A capability stays maintainable only when the team can explain every state, retry, and piece of residual data—not merely show one successful run. Committed saga steps cannot be rolled back by ACID; compensation is a new business action. Persist step state and compensation idempotency keys.
Distributed correctness comes from idempotency keys, leases, monotonic versions, and reconcilable facts—not an assumption of one delivery. A timeout means unknown outcome, not confirmed failure.
Questions the design must answer
This capability crosses clients, networks, and servers, so a local optimization can create a system failure. Decisions must constrain both endpoints, persisted truth, and operating budgets together.
- Classify steps as reversible, compensatable, or irreversible; on cancel stop scheduling, settle in-flight results, compensate in reverse, and record residue.
- Give state one owner, a version, and terminal states; callbacks may mutate only the version that created them.
- Use explicit capability negotiation so older clients receive an explained fallback instead of a half-working state.
The delivery standard for Cancellation in Long-Running Sagas Is Not a Database Rollback is a usable normal path, convergent failures, bounded resources, and a state users can understand.
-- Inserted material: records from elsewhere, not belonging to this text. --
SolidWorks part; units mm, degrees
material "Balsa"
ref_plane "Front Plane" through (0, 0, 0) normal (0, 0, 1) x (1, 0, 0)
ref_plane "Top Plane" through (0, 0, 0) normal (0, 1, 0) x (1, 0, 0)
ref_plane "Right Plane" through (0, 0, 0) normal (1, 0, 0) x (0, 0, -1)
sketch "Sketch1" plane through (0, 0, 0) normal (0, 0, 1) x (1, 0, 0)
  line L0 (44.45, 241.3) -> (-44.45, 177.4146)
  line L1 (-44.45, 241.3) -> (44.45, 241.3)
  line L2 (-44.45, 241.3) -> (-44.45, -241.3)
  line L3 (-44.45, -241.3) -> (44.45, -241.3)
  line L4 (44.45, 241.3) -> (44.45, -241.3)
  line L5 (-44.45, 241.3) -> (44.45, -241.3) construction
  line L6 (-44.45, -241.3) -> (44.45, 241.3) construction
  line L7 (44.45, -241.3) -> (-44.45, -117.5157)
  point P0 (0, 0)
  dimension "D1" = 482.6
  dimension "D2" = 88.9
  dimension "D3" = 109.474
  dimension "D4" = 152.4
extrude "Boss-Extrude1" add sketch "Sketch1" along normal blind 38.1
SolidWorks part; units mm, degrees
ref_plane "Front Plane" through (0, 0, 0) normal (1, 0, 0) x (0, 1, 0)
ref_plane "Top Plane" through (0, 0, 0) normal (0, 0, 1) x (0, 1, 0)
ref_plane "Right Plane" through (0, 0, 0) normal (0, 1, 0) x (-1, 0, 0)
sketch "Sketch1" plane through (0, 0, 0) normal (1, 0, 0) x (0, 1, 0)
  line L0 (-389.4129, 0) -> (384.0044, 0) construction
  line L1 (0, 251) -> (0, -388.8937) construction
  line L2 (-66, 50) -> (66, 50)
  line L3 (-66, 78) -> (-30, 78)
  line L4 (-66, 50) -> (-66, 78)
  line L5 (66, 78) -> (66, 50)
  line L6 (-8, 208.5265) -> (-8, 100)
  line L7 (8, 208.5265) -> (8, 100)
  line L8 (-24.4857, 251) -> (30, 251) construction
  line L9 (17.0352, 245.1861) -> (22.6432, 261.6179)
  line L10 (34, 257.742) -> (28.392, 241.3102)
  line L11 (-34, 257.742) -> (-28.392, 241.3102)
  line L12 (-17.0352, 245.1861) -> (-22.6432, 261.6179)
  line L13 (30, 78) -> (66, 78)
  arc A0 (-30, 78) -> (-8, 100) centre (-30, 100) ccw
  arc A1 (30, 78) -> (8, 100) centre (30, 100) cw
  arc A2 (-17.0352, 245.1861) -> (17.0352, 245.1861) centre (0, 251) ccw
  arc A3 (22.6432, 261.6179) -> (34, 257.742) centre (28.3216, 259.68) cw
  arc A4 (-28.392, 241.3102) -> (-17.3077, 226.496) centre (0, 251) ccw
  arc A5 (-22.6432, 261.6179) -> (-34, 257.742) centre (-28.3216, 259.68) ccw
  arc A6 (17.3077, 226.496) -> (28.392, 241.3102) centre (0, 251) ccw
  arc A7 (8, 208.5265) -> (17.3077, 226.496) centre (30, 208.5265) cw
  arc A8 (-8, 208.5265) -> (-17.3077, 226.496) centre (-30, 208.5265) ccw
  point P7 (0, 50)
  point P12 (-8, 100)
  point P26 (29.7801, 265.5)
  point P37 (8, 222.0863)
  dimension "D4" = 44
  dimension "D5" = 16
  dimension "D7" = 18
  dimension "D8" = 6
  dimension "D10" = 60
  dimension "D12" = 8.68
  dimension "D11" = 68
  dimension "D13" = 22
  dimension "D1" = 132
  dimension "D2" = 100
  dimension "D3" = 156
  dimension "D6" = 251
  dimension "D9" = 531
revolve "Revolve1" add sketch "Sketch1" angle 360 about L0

The result is a production capability that can be explained, degraded safely, and rolled back—not a demo that works once.
Edge cases are part of the feature
Production failures often appear when two individually valid actions overlap. Inspect stale messages, duplicate effects, exhausted resources, and mixed versions instead of patching only the current stack frame.
- Concurrent cancel and completion can show opposing terminal states, while hidden compensation failure leaves quota, temporary objects, or notifications behind.
- Fixing only the UI leaves queues, locks, or expired credentials for the next operation to inherit and fail again.
- An untested fallback receives all traffic during a primary failure and becomes the slower, more expensive bottleneck.
Prove that it works with evidence
A release gate combines deterministic regression, randomized timing, and real browser pairs. Preserve the seed and state trace from every failure as a permanent replay case.
- Inject cancel and crashes before and after every step commit, repeat compensation, and verify terminal matrices, residue lists, and user messages.
- Drive the state machine with reordered, duplicate, and delayed messages, proving stale versions are ignored and explicit stop survives recovery.
- Before release, record success rate, p50/p95/p99 latency, error classes, and resource high-water marks with explicit rollback thresholds.
The release standard is practical: the normal path is fast, abnormal paths converge, recovery never overrides an explicit user decision, and operators can diagnose faults from limited, privacy-safe evidence.